I believe the answers are 1) Send notifications once-per-environment, 2) Send notification on fallback states as well. Basically, notifications will inform when a particular instance notices a circuit being closed due to a down service, rather than when the service is first noticed to be down. The only exception to this is when the CircuitBreaker is being initialized, in which case it does not notify of a new state.

alukach commented 7 years ago

Okay, code should be a bit better now. I realized that I was incorrectly sending the new state to the state classes (e.g. CircuitOpenState) rather than the previous state. While in there, I was getting a bit confused about having both the CircuitBreaker and CircuitBreakerState hold state about the status of the breaker. I think I've simplified it quite a bit, leaving the logic more-or-less the same but making it clearer what the roles of CircuitBreaker.state was.
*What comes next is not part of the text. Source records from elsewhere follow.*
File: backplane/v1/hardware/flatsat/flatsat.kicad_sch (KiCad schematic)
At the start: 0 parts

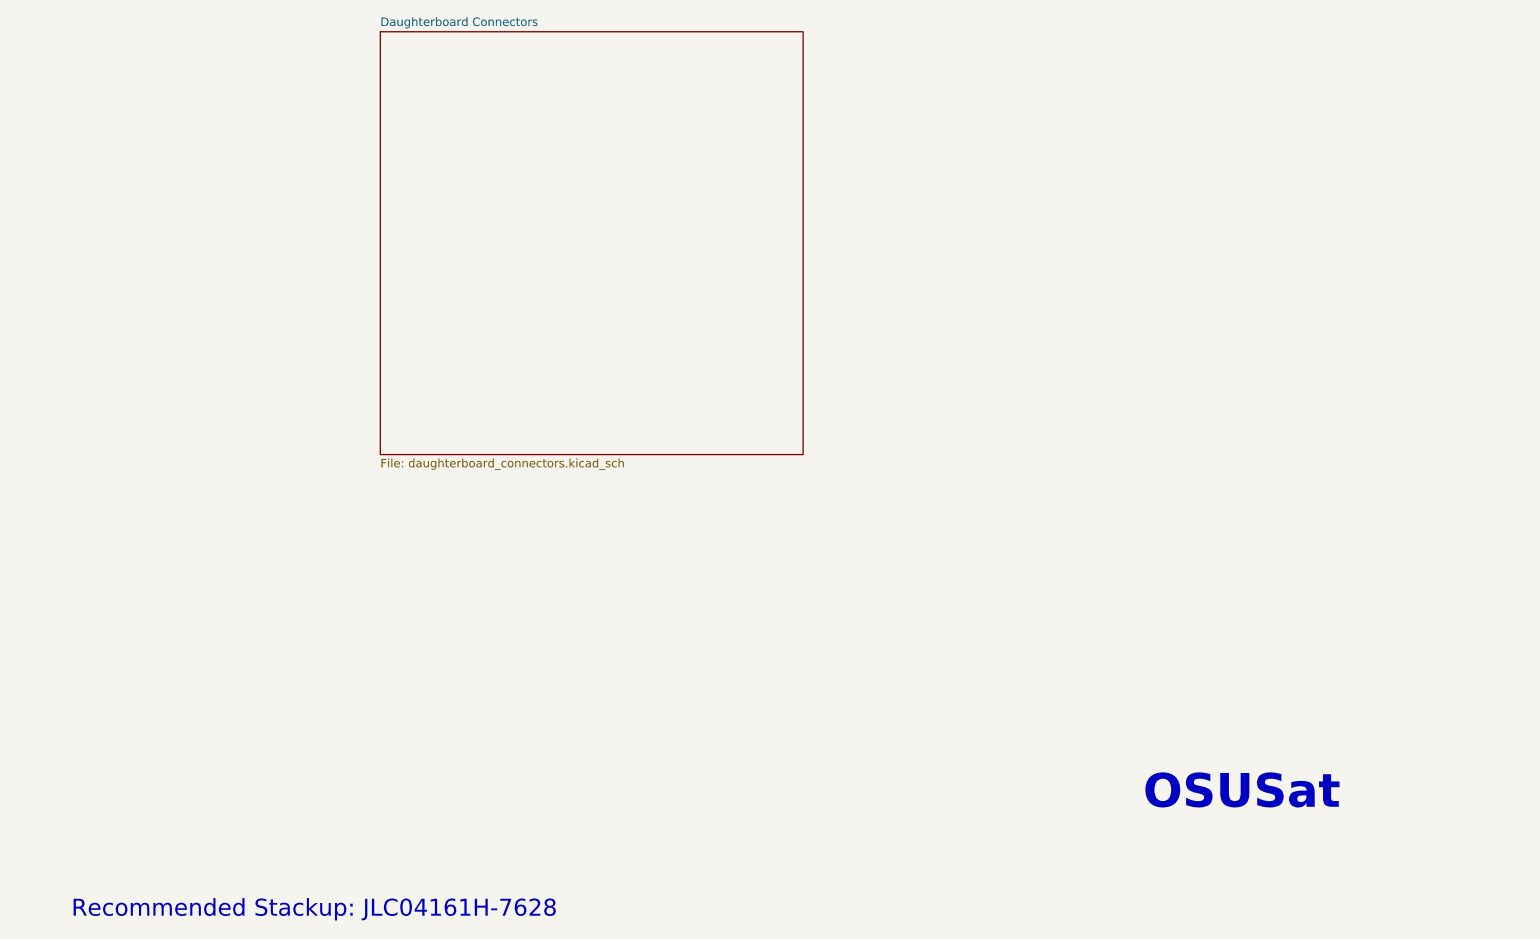
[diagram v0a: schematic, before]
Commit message: fix connector orientation on flatsat
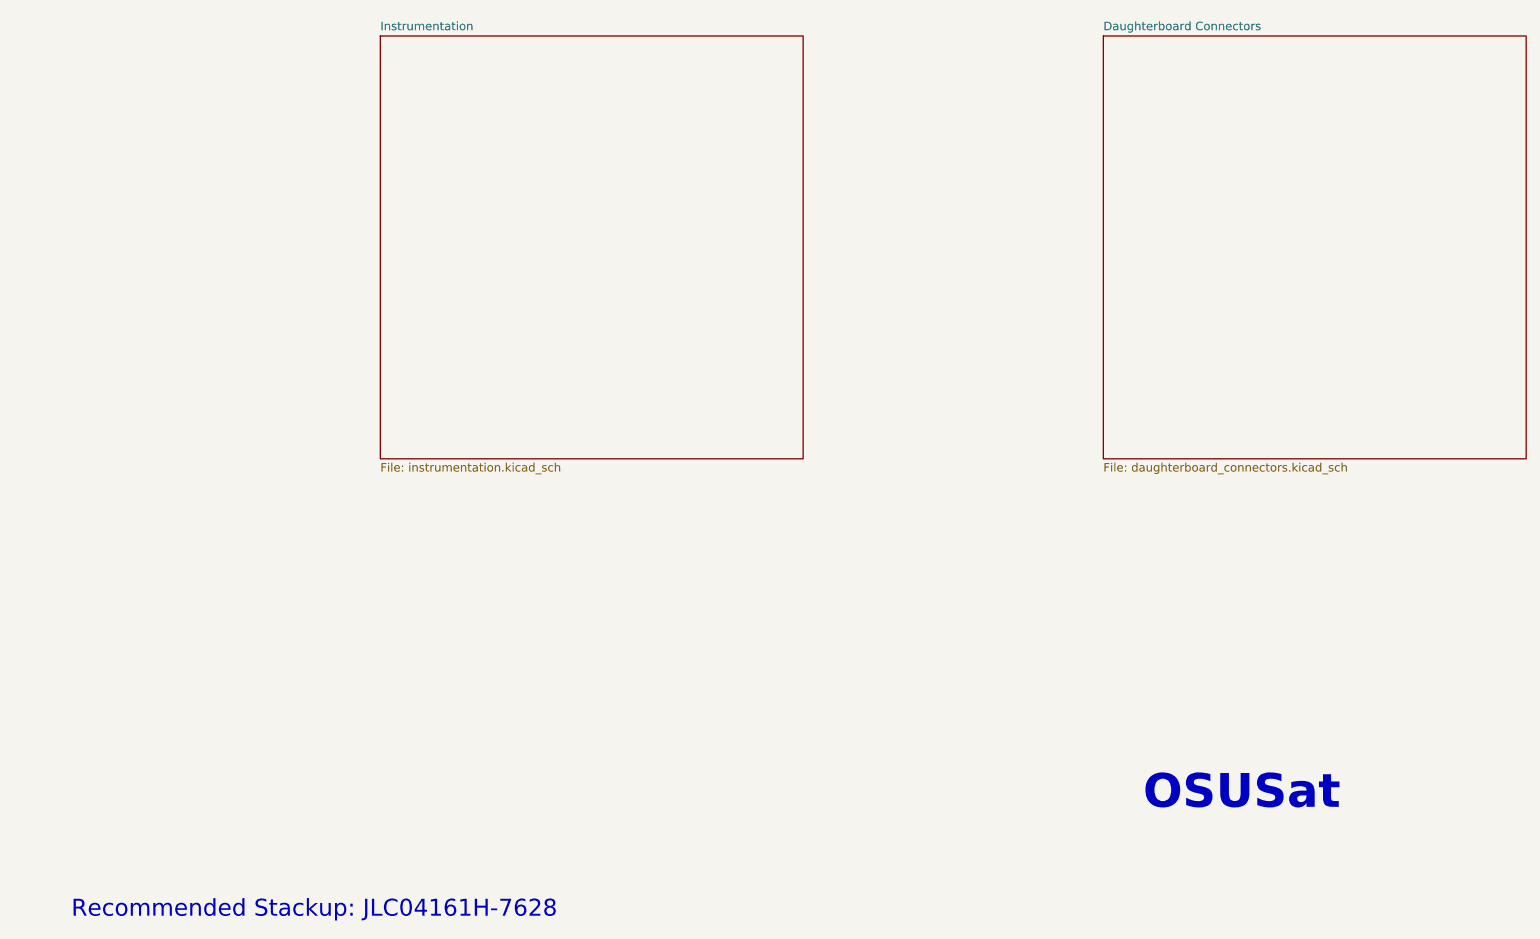
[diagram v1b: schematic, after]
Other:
- added sheet Instrumentation (instrumentation.kicad_sch)
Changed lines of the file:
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@@
 	)
 	(sheet
-		(at 63.5 63.5)
+		(at 63.5 64.135)
+		(size 63.5 63.5)
+		(exclude_from_sim no)
+		(in_bom yes)
+		(on_board yes)
+		(dnp no)
+		(fields_autoplaced yes)
+		(stroke
+			(width 0.1524)
+			(type solid)
+		)
+		(fill
+			(color 255 255 194 1)
+		)
+		(property "Sheetname" "Instrumentation"
+			(at 63.5 63.4234 0)
+			(show_name no)
+			(do_not_autoplace no)
+			(effects
+				(font
+					(size 1.27 1.27)
+				)
+				(justify left bottom)
+			)
+		)
+		(property "Sheetfile" "instrumentation.kicad_sch"
+			(at 63.5 128.2196 0)
+			(show_name no)
+			(do_not_autoplace no)
+			(effects
+				(font
+					(size 1.27 1.27)
+				)
+				(justify left top)
+			)
+		)
+		(instances
+			(project "flatsat"
+				(path "/25068314-cc61-4bab-bc96-a87178fccfab"
+					(page "3")
+				)
+			)
+		)
+	)
+	(sheet
+		(at 172.085 64.135)
 		(size 63.5 63.5)
 		(exclude_from_sim no)
@@
 		)
 		(property "Sheetname" "Daughterboard Connectors"
-			(at 63.5 62.7884 0)
+			(at 172.085 63.4234 0)
 			(show_name no)
 			(do_not_autoplace no)
@@
 		)
 		(property "Sheetfile" "daughterboard_connectors.kicad_sch"
-			(at 63.5 127.5846 0)
+			(at 172.085 128.2196 0)
 			(show_name no)
 			(do_not_autoplace no)

alukach commented 7 years ago

@jcwilson @danielfm So any final thoughts on this? What are the odds that this could be merged in and release? I have a feature that depends on this change so I'm hoping we can get it released soon.

jcwilson commented 7 years ago

1) Send notifications once-per-environment

If this is the same as once per process, then I concur. Users of the library can perform their own deduplication or specialized handling in their Listener classes.

2) Send notification on fallback states as well.

I think this is fine. I'd rather know that my app has changed states, regardless of why.

danielfm commented 7 years ago

Thanks for your contribution, I just uploaded the 0.4.1 release to PyPI.